/vcf2df

VCF to parquet converter

Primary LanguageGoMIT LicenseMIT

vcf2df

Reads sample.vcf.gz and writes sample.parquet

Reserved column names:

  • VARIANTKEY (STRING)

    Variantkey is CHR-POS-REF-ALT for small variants and CHR-POS-END-SVTYPE for structural variants. CHR without chr preffix.

  • CHROM (STRING)

    Chromosome (including chr preffix).

  • POS (INT)

    Position (1-based)

  • REF (STRING)

    Reference allele. Empty for structural variants.

  • ALT (STRING)

    Alternate allele. Empty for structural variants.

  • QUAL (INT)

    Quality score (Integer)

  • PASS (BOOL)

    Boolean describing filter == PASS || filter == "."

  • IS_SV (BOOL)

    Boolean structural variant.",

  • SVTYPE (STRING)

    Structural variant type (ex.
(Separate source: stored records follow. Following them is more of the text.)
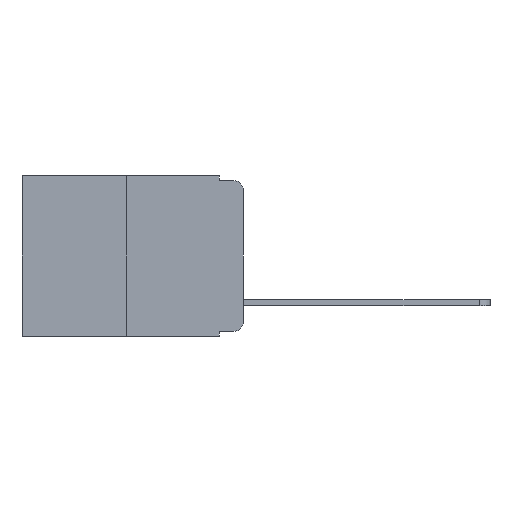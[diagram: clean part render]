
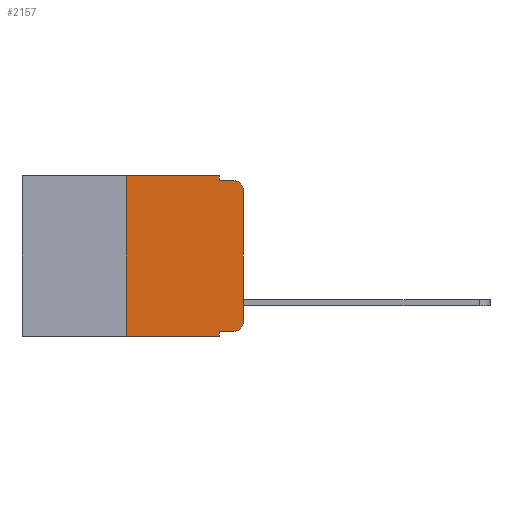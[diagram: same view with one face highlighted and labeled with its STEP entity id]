
A CAD part, left-side view. The second image highlights one B-rep face of the part: STEP entity #2157.
In plain terms, the highlighted planar face has unit normal (-1, 0, 0).
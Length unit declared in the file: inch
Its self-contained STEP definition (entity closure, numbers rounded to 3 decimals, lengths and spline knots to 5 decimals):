
#68 = CIRCLE ( 'NONE', #1555, 0.02 ) ;
#206 = AXIS2_PLACEMENT_3D ( 'NONE', #4763, #7278, #1416 ) ;
#535 = CARTESIAN_POINT ( 'NONE',  ( 0., 0., 0. ) ) ;
#660 = LINE ( 'NONE', #4285, #8173 ) ;
#1014 = LINE ( 'NONE', #5235, #6633 ) ;
#1127 = VERTEX_POINT ( 'NONE', #4643 ) ;
#1199 = EDGE_CURVE ( 'NONE', #8443, #4752, #5525, .T. ) ;
#1416 = DIRECTION ( 'NONE',  ( 0., 0., -1. ) ) ;
#1555 = AXIS2_PLACEMENT_3D ( 'NONE', #2899, #2940, #2950 ) ;
#1560 = VECTOR ( 'NONE', #6325, 39.37008 ) ;
#1591 = VERTEX_POINT ( 'NONE', #3114 ) ;
#1754 = ORIENTED_EDGE ( 'NONE', *, *, #3966, .F. ) ;
#1839 = LINE ( 'NONE', #7556, #9217 ) ;
#2091 = EDGE_CURVE ( 'NONE', #8563, #2850, #660, .T. ) ;
#2157 = ADVANCED_FACE ( 'NONE', ( #7959 ), #4828, .F. ) ;
#2295 = AXIS2_PLACEMENT_3D ( 'NONE', #7422, #7416, #7414 ) ;
#2359 = DIRECTION ( 'NONE',  ( 0., -1., 0. ) ) ;
#2397 = EDGE_CURVE ( 'NONE', #8563, #5716, #7547, .T. ) ;
#2484 = CARTESIAN_POINT ( 'NONE',  ( 0., 0.25, 0. ) ) ;
#2587 = CIRCLE ( 'NONE', #2295, 0.02 ) ;
#2809 = CARTESIAN_POINT ( 'NONE',  ( 0., 0.02, -0.333 ) ) ;
#2850 = VERTEX_POINT ( 'NONE', #6679 ) ;
#2899 = CARTESIAN_POINT ( 'NONE',  ( 0., 0.02, -0.03 ) ) ;
#2906 = ORIENTED_EDGE ( 'NONE', *, *, #8367, .T. ) ;
#2916 = ORIENTED_EDGE ( 'NONE', *, *, #1199, .T. ) ;
#2940 = DIRECTION ( 'NONE',  ( -1., 0., 0. ) ) ;
#2950 = DIRECTION ( 'NONE',  ( 0., 0., -1. ) ) ;
#3098 = CARTESIAN_POINT ( 'NONE',  ( 0., 0.051, -0.01 ) ) ;
#3114 = CARTESIAN_POINT ( 'NONE',  ( 0., 0.051, -0.333 ) ) ;
#3196 = DIRECTION ( 'NONE',  ( 0., -1., 0. ) ) ;
#3204 = LINE ( 'NONE', #5013, #8469 ) ;
#3658 = EDGE_CURVE ( 'NONE', #1591, #2850, #1839, .T. ) ;
#3869 = EDGE_LOOP ( 'NONE', ( #2916, #2906, #1754, #8135, #7439, #5242, #6939, #8861, #8968, #7760 ) ) ;
#3966 = EDGE_CURVE ( 'NONE', #1127, #7987, #5622, .T. ) ;
#4285 = CARTESIAN_POINT ( 'NONE',  ( 0., 0.473, -0.343 ) ) ;
#4332 = CARTESIAN_POINT ( 'NONE',  ( 0., 0., -0.313 ) ) ;
#4362 = DIRECTION ( 'NONE',  ( 0., -1., 0. ) ) ;
#4643 = CARTESIAN_POINT ( 'NONE',  ( 0., 0.051, -0.01 ) ) ;
#4752 = VERTEX_POINT ( 'NONE', #7109 ) ;
#4763 = CARTESIAN_POINT ( 'NONE',  ( 0., 0.473, 0. ) ) ;
#4828 = PLANE ( 'NONE',  #206 ) ;
#5013 = CARTESIAN_POINT ( 'NONE',  ( 0., 0.051, 0. ) ) ;
#5235 = CARTESIAN_POINT ( 'NONE',  ( 0., 0.051, -0.333 ) ) ;
#5242 = ORIENTED_EDGE ( 'NONE', *, *, #2397, .F. ) ;
#5357 = EDGE_CURVE ( 'NONE', #6824, #1127, #3204, .T. ) ;
#5413 = VECTOR ( 'NONE', #3196, 39.37008 ) ;
#5525 = LINE ( 'NONE', #535, #5753 ) ;
#5605 = VERTEX_POINT ( 'NONE', #2809 ) ;
#5622 = LINE ( 'NONE', #3098, #5413 ) ;
#5645 = VECTOR ( 'NONE', #6815, 39.37008 ) ;
#5716 = VERTEX_POINT ( 'NONE', #8608 ) ;
#5753 = VECTOR ( 'NONE', #9154, 39.37008 ) ;
#6325 = DIRECTION ( 'NONE',  ( 0., -1., 0. ) ) ;
#6571 = EDGE_CURVE ( 'NONE', #1591, #5605, #1014, .T. ) ;
#6633 = VECTOR ( 'NONE', #4362, 39.37008 ) ;
#6679 = CARTESIAN_POINT ( 'NONE',  ( 0., 0.051, -0.343 ) ) ;
#6815 = DIRECTION ( 'NONE',  ( 0., 0., 1. ) ) ;
#6824 = VERTEX_POINT ( 'NONE', #8306 ) ;
#6939 = ORIENTED_EDGE ( 'NONE', *, *, #2091, .T. ) ;
#7069 = EDGE_CURVE ( 'NONE', #5716, #6824, #8973, .T. ) ;
#7109 = CARTESIAN_POINT ( 'NONE',  ( 0., 0., -0.03 ) ) ;
#7193 = EDGE_CURVE ( 'NONE', #5605, #8443, #2587, .T. ) ;
#7278 = DIRECTION ( 'NONE',  ( 1., 0., 0. ) ) ;
#7414 = DIRECTION ( 'NONE',  ( 0., 0., -1. ) ) ;
#7416 = DIRECTION ( 'NONE',  ( -1., 0., 0. ) ) ;
#7422 = CARTESIAN_POINT ( 'NONE',  ( 0., 0.02, -0.313 ) ) ;
#7439 = ORIENTED_EDGE ( 'NONE', *, *, #7069, .F. ) ;
#7547 = LINE ( 'NONE', #2484, #5645 ) ;
#7556 = CARTESIAN_POINT ( 'NONE',  ( 0., 0.051, 0. ) ) ;
#7588 = DIRECTION ( 'NONE',  ( 0., 0., -1. ) ) ;
#7760 = ORIENTED_EDGE ( 'NONE', *, *, #7193, .T. ) ;
#7846 = CARTESIAN_POINT ( 'NONE',  ( 0., 0.473, 0. ) ) ;
#7895 = CARTESIAN_POINT ( 'NONE',  ( 0., 0.25, -0.343 ) ) ;
#7959 = FACE_OUTER_BOUND ( 'NONE', #3869, .T. ) ;
#7987 = VERTEX_POINT ( 'NONE', #9101 ) ;
#8135 = ORIENTED_EDGE ( 'NONE', *, *, #5357, .F. ) ;
#8173 = VECTOR ( 'NONE', #2359, 39.37008 ) ;
#8306 = CARTESIAN_POINT ( 'NONE',  ( 0., 0.051, 0. ) ) ;
#8367 = EDGE_CURVE ( 'NONE', #4752, #7987, #68, .T. ) ;
#8443 = VERTEX_POINT ( 'NONE', #4332 ) ;
#8469 = VECTOR ( 'NONE', #8626, 39.37008 ) ;
#8563 = VERTEX_POINT ( 'NONE', #7895 ) ;
#8608 = CARTESIAN_POINT ( 'NONE',  ( 0., 0.25, 0. ) ) ;
#8626 = DIRECTION ( 'NONE',  ( 0., 0., -1. ) ) ;
#8861 = ORIENTED_EDGE ( 'NONE', *, *, #3658, .F. ) ;
#8968 = ORIENTED_EDGE ( 'NONE', *, *, #6571, .T. ) ;
#8973 = LINE ( 'NONE', #7846, #1560 ) ;
#9101 = CARTESIAN_POINT ( 'NONE',  ( 0., 0.02, -0.01 ) ) ;
#9154 = DIRECTION ( 'NONE',  ( 0., 0., 1. ) ) ;
#9217 = VECTOR ( 'NONE', #7588, 39.37008 ) ;

DEL, DUP, INV, ...)

  • END (INT)

    End position of variant (1-based).

  • NUMALTS (INT)

    Number of alternate alleles (0, 1, 2)

  • SAMPLE (STRING)

    Sample string.

  • IS_PHASED (BOOL)

    Boolean if variant is phased.

  • PHASE_ID (STRING)

    String identifying variant phase.

  • REF_READS (INT)

    Read depth for ref.

  • ALT_READS (INT)

    Read depth for alt.

Samples:

If vcf has 1+ sample genotypes, the parquet file will contain 1 line per sample with > 0 alleles. If the vcf does not contain samples, all variants will be represented in the parquet file.

Footer:

All columns are described in the parquet metadata (footer) key-values.